# Unbelievable Find



## coolj (Dec 12, 2000)

Just wanted to share with everyone, I've been looking for a second hand copy of the the larousse gastronomique, so anyway I got this call back from a used book store where I put in a request, and they tell me they've got a copy and it's mine for $20, so I went down today to talk them into holding it until payday, and the clerk looks at the book, check's the price, ans says it's not worth $20, so she changed it to $10. Also I went and looked through the cook book section and found a copy of the Escoffier Cook Book for only $6. So needless to say I am pretty stoked.


----------



## isa (Apr 4, 2000)

Sounds great Cool.
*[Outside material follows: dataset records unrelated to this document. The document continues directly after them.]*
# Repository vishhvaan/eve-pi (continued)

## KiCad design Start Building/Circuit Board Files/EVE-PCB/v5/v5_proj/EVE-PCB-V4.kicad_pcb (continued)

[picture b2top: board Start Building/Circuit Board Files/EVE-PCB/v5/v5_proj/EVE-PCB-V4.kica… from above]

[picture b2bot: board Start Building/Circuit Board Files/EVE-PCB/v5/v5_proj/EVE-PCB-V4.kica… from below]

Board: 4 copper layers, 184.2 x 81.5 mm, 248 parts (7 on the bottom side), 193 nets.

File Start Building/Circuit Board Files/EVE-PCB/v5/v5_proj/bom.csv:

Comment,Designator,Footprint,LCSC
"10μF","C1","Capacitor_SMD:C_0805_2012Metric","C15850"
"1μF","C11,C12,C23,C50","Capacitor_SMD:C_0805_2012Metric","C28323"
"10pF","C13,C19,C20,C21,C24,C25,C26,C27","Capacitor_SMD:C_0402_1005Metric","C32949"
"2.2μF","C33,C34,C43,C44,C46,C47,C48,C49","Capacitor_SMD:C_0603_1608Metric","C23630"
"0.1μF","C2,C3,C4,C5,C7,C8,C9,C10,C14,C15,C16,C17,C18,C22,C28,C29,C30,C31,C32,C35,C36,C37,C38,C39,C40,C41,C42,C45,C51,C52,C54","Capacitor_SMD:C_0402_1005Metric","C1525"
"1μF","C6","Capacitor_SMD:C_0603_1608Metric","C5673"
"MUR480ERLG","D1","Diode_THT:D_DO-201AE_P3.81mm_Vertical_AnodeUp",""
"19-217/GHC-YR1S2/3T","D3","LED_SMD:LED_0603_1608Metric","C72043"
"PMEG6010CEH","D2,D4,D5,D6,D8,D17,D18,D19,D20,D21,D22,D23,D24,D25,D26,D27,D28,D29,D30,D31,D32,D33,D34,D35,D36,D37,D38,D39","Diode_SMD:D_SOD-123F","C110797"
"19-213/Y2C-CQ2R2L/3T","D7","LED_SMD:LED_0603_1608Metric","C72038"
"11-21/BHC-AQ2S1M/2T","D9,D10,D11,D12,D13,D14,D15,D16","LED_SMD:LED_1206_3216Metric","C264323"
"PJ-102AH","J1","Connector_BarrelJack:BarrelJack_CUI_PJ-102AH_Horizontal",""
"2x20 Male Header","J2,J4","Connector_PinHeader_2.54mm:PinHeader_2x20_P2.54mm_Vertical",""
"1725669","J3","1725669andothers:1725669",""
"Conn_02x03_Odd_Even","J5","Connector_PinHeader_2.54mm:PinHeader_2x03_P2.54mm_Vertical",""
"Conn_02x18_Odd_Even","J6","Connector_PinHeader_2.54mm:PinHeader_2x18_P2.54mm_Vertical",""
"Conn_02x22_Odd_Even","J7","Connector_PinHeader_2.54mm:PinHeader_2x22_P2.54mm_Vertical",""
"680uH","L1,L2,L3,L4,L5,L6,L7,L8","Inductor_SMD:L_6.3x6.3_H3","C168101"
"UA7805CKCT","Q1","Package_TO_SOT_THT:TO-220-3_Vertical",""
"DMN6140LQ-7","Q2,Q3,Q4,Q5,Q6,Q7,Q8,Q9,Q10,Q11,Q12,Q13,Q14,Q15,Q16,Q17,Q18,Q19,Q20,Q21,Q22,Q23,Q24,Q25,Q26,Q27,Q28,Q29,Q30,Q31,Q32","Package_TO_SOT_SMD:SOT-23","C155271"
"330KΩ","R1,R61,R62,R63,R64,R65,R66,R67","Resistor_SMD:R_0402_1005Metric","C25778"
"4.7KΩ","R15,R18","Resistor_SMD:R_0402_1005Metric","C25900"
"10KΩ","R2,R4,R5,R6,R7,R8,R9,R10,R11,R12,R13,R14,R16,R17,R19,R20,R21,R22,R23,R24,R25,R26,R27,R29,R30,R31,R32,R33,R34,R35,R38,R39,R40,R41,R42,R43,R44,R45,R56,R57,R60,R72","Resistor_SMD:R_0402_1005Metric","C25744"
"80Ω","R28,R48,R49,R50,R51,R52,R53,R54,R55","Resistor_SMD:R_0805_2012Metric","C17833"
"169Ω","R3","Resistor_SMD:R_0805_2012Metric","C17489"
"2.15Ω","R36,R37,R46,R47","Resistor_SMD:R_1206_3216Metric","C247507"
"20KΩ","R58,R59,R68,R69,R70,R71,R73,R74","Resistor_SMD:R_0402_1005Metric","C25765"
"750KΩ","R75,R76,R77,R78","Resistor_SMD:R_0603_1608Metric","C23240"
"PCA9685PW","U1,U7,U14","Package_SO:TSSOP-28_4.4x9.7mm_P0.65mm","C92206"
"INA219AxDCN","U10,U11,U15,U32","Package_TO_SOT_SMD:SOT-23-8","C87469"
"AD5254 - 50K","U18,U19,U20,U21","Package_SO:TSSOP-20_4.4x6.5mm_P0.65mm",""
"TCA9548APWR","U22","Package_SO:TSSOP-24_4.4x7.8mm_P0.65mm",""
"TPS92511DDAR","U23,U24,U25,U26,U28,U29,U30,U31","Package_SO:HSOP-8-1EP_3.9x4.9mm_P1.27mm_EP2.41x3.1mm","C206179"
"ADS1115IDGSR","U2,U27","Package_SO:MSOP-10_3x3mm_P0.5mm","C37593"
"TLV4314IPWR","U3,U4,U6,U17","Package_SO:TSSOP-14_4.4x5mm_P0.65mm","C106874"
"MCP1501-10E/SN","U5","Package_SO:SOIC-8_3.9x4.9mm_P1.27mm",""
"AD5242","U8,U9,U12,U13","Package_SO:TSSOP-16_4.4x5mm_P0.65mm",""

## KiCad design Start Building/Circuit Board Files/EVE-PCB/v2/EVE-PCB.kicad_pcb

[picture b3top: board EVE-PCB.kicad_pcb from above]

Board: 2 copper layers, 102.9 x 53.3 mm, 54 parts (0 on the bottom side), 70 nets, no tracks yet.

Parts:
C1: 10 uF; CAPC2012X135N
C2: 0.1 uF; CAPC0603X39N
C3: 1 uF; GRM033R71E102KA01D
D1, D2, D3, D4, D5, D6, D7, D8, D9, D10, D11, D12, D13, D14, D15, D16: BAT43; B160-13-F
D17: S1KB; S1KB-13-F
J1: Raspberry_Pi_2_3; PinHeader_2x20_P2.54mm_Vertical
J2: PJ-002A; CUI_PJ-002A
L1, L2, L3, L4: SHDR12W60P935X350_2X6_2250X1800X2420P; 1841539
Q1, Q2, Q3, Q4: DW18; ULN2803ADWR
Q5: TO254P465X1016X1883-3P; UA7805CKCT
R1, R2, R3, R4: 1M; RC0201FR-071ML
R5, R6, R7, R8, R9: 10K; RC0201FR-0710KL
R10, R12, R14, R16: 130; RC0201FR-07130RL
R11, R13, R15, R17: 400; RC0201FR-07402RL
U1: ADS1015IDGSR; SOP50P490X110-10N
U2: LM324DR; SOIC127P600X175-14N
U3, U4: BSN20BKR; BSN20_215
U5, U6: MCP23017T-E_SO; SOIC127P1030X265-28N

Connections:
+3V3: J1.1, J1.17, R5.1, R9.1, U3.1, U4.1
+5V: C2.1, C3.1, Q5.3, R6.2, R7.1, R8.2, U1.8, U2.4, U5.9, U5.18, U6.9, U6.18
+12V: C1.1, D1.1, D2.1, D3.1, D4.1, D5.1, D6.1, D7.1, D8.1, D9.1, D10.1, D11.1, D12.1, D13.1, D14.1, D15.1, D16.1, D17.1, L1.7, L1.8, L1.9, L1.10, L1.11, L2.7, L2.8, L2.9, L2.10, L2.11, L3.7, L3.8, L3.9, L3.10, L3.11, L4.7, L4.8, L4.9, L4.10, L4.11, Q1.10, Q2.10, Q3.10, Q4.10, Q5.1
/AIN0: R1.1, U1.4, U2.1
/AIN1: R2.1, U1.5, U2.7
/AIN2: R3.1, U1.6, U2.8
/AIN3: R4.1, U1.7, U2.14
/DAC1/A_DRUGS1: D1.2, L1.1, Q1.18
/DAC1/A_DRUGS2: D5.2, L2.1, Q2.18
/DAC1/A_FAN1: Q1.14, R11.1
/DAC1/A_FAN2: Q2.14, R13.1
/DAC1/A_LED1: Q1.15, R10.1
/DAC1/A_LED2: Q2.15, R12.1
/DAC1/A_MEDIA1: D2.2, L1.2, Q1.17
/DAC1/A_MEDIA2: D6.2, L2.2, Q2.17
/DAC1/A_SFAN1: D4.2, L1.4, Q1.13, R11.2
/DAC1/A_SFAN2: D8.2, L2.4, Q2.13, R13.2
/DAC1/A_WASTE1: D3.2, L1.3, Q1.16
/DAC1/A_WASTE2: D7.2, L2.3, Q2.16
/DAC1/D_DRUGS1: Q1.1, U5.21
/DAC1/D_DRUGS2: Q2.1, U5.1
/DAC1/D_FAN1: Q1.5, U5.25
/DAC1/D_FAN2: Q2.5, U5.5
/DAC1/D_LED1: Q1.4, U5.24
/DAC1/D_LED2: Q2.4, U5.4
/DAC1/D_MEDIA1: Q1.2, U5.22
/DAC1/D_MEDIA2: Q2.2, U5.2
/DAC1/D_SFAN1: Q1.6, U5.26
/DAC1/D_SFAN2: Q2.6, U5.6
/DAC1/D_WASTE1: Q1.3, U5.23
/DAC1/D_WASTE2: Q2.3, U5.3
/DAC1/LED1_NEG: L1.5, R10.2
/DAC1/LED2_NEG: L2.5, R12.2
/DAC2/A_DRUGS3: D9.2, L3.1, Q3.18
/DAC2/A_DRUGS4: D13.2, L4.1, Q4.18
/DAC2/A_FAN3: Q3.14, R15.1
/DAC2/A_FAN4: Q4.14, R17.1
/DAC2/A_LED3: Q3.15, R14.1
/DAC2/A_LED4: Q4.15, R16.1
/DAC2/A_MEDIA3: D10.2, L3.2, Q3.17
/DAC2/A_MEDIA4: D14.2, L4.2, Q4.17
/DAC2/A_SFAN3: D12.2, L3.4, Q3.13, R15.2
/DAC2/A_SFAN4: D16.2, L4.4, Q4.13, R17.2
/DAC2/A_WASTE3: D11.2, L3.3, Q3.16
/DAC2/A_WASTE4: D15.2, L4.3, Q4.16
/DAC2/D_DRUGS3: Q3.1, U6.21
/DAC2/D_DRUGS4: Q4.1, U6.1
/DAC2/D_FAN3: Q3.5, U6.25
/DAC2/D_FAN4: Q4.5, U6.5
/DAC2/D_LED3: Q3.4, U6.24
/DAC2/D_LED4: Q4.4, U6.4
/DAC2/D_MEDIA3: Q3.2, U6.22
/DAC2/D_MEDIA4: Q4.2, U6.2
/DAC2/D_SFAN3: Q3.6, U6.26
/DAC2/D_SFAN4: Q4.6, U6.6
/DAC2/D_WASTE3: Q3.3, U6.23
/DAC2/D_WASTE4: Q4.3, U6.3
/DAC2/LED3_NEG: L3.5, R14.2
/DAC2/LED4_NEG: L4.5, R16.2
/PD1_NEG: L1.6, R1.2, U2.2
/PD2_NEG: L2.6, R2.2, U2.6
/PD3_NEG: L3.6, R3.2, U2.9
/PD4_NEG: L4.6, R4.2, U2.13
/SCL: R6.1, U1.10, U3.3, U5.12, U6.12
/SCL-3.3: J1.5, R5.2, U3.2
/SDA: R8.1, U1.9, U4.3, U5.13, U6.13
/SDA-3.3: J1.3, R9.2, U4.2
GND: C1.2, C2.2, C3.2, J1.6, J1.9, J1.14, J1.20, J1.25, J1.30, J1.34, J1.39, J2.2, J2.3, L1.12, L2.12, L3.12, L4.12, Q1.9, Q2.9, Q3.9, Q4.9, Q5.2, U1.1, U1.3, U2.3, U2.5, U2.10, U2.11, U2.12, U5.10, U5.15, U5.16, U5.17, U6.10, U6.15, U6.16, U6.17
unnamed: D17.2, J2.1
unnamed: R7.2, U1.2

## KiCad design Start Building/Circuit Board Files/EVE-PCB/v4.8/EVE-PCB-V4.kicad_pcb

I have a feeling you'll have a nice weekend leafing through those books.


----------



## greg (Dec 8, 1999)

That *is* an incredible find! Have fun with them, they are both great books. Especially the Escoffier Cookbook; it's my bible!


----------



## linda smith (Mar 30, 2001)

You scored CoolJ. It doesn't get much better than that. Enjoy them and I would consider become a regular at that particular "discount" bookstore.


----------



## bouland (May 18, 2001)

The current *Larousse Gastronomic*, which came out in 2000 and is only available in French, costs about USD110. So if you are paying CND10, that's great. I'm assuming that the version you bought is the Prosper Montigue edition from the 1950s that was published by Crown. If this is the case, much of the information is of interest for its historical value, but is out-of-date -- especially when compared to the current edition edited by Joel Robuchon. Still an enjoyable book to read. Have fun.


----------